From GPUs to RRAMs: Distributed In-Memory Primal-Dual Hybrid Gradient Method for Solving Large-Scale Linear Optimization Problem
Huynh Q. N. Vo, Md Tawsif Rahman Chowdhury, Paritosh Ramanan, Gozde Tutuncuoglu, Junchi Yang, Feng Qiu, Murat Yildirim
TL;DR
This work addresses the challenge of solving large-scale constrained LPs with energy- and time-efficient hardware by co-designing a distributed in-memory PDHG method for RRAM crossbar arrays. By encoding the constraint matrix into a symmetric block matrix and leveraging MELISO+ for physics-based simulation, the approach minimizes write operations, remains robust to device non-idealities, and achieves convergence under analog noise. The results show orders-of-magnitude improvements in energy and latency over GPU baselines while maintaining comparable accuracy, highlighting the practical impact of algorithm-hardware co-design for scalable in-memory optimization.

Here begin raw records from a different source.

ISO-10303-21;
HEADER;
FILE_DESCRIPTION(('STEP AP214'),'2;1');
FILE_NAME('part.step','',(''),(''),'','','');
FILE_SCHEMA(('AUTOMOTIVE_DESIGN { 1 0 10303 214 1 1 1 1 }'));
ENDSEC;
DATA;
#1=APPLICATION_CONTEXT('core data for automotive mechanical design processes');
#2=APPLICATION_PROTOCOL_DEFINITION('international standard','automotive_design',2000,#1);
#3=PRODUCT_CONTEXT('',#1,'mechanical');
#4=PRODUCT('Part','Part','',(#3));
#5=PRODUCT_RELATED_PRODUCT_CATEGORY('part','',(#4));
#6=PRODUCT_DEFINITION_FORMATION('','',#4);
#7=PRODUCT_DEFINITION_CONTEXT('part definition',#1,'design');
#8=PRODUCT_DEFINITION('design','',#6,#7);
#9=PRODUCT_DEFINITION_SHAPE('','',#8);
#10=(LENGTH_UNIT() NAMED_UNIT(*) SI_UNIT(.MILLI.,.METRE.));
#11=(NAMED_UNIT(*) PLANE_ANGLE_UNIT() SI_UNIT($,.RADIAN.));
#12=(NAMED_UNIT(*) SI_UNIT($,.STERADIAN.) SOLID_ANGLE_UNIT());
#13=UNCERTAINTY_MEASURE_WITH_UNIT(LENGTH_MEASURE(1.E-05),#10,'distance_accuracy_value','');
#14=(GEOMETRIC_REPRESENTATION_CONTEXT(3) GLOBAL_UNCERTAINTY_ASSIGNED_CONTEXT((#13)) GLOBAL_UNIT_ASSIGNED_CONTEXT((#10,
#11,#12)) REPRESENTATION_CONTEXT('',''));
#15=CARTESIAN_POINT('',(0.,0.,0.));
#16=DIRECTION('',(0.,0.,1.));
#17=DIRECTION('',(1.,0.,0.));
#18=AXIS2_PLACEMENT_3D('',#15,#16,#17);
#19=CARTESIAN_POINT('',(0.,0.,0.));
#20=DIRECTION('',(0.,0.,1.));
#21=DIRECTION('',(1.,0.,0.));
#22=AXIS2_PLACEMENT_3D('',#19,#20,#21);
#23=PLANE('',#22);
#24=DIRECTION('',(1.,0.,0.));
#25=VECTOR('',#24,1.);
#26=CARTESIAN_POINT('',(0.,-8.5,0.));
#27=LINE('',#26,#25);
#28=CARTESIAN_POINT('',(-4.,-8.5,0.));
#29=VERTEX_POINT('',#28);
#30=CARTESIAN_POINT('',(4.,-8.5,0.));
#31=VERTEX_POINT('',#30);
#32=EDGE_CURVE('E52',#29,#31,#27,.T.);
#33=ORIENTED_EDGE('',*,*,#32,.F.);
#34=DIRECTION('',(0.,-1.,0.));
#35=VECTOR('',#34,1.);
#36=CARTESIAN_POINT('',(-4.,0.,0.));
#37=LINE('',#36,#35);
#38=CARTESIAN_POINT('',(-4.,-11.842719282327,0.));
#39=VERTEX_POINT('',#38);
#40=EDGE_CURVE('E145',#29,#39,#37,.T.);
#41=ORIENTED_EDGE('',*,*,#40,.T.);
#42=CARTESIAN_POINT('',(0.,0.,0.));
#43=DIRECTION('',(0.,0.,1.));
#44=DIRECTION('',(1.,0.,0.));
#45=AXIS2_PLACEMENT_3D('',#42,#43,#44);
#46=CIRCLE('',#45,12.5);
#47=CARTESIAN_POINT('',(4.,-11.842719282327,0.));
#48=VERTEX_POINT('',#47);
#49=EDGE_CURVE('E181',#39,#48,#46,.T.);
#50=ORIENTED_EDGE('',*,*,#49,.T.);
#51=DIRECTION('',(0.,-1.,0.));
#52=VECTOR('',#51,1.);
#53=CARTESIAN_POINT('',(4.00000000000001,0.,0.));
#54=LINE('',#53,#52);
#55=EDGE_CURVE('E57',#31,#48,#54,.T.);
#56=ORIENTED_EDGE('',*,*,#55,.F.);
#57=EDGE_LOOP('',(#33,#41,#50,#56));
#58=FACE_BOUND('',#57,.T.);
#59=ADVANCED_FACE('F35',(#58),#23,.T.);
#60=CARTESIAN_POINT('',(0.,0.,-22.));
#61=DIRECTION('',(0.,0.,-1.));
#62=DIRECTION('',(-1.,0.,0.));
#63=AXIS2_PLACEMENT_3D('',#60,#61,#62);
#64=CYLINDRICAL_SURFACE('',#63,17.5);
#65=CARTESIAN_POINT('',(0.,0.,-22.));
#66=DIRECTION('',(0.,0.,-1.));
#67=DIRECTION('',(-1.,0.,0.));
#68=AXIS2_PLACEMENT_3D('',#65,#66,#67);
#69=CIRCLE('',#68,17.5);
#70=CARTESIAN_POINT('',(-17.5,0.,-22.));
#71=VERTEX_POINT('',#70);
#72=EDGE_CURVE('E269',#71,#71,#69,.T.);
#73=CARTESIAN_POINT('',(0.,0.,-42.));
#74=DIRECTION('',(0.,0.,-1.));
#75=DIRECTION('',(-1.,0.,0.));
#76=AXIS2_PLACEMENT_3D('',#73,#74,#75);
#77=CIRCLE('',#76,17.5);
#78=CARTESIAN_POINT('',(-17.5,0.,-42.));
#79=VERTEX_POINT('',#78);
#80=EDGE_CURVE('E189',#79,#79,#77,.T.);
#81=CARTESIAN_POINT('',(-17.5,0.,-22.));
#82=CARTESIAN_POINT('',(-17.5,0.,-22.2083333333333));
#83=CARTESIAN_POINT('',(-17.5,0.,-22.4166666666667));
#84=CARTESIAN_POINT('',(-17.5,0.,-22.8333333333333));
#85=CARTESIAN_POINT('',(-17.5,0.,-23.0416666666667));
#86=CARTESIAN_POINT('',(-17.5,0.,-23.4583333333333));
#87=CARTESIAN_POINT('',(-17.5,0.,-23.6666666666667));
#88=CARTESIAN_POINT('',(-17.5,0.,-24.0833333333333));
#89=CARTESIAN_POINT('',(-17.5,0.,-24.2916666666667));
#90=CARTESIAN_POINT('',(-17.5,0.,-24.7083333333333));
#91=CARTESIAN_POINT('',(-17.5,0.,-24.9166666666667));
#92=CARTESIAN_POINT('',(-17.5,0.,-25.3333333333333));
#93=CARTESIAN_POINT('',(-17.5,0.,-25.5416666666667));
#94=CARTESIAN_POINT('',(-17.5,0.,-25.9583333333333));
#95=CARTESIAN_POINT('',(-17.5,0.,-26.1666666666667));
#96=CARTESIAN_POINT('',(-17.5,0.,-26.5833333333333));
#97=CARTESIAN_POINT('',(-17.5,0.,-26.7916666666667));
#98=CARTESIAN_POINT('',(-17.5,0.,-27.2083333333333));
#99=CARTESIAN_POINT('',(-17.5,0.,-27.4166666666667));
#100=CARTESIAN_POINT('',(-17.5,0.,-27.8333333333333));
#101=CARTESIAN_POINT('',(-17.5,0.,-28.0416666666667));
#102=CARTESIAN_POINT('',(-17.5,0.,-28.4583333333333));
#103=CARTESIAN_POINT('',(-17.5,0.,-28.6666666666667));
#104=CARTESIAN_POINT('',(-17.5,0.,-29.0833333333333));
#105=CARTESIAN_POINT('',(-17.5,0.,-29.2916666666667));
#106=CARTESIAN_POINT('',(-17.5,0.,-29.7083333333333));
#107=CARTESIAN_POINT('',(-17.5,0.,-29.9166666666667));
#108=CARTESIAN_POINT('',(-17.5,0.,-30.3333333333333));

The framework paves the way for scalable IMC solvers across distributed crossbars and broader optimization tasks, supported by theoretical guarantees for inexact hardware updates.
Abstract
The exponential growth of computational workloads is surpassing the capabilities of conventional architectures, which are constrained by fundamental limits. In-memory computing (IMC) with RRAM provides a promising alternative by providing analog computations with significant gains in latency and energy use. However, existing algorithms developed for conventional architectures do not translate to IMC, particularly for constrained optimization problems where frequent matrix reprogramming remains cost-prohibitive for IMC applications. Here we present a distributed in-memory primal-dual hybrid gradient (PDHG) method, specifically co-designed for arrays of RRAM devices. Our approach minimizes costly write cycles, incorporates robustness against device non-idealities, and leverages a symmetric block-matrix formulation to unify operations across distributed crossbars. We integrate a physics-based simulation framework called MELISO+ to evaluate performance under realistic device conditions. Benchmarking against GPU-accelerated solvers on large-scale linear programs demonstrates that our RRAM-based solver achieves comparable accuracy with up to three orders of magnitude reductions in energy consumption and latency. These results demonstrate the first PDHG-based LP solver implemented on RRAMs, showcasing the transformative potential of algorithm-hardware co-design for solving large-scale optimization through distributed in-memory computing.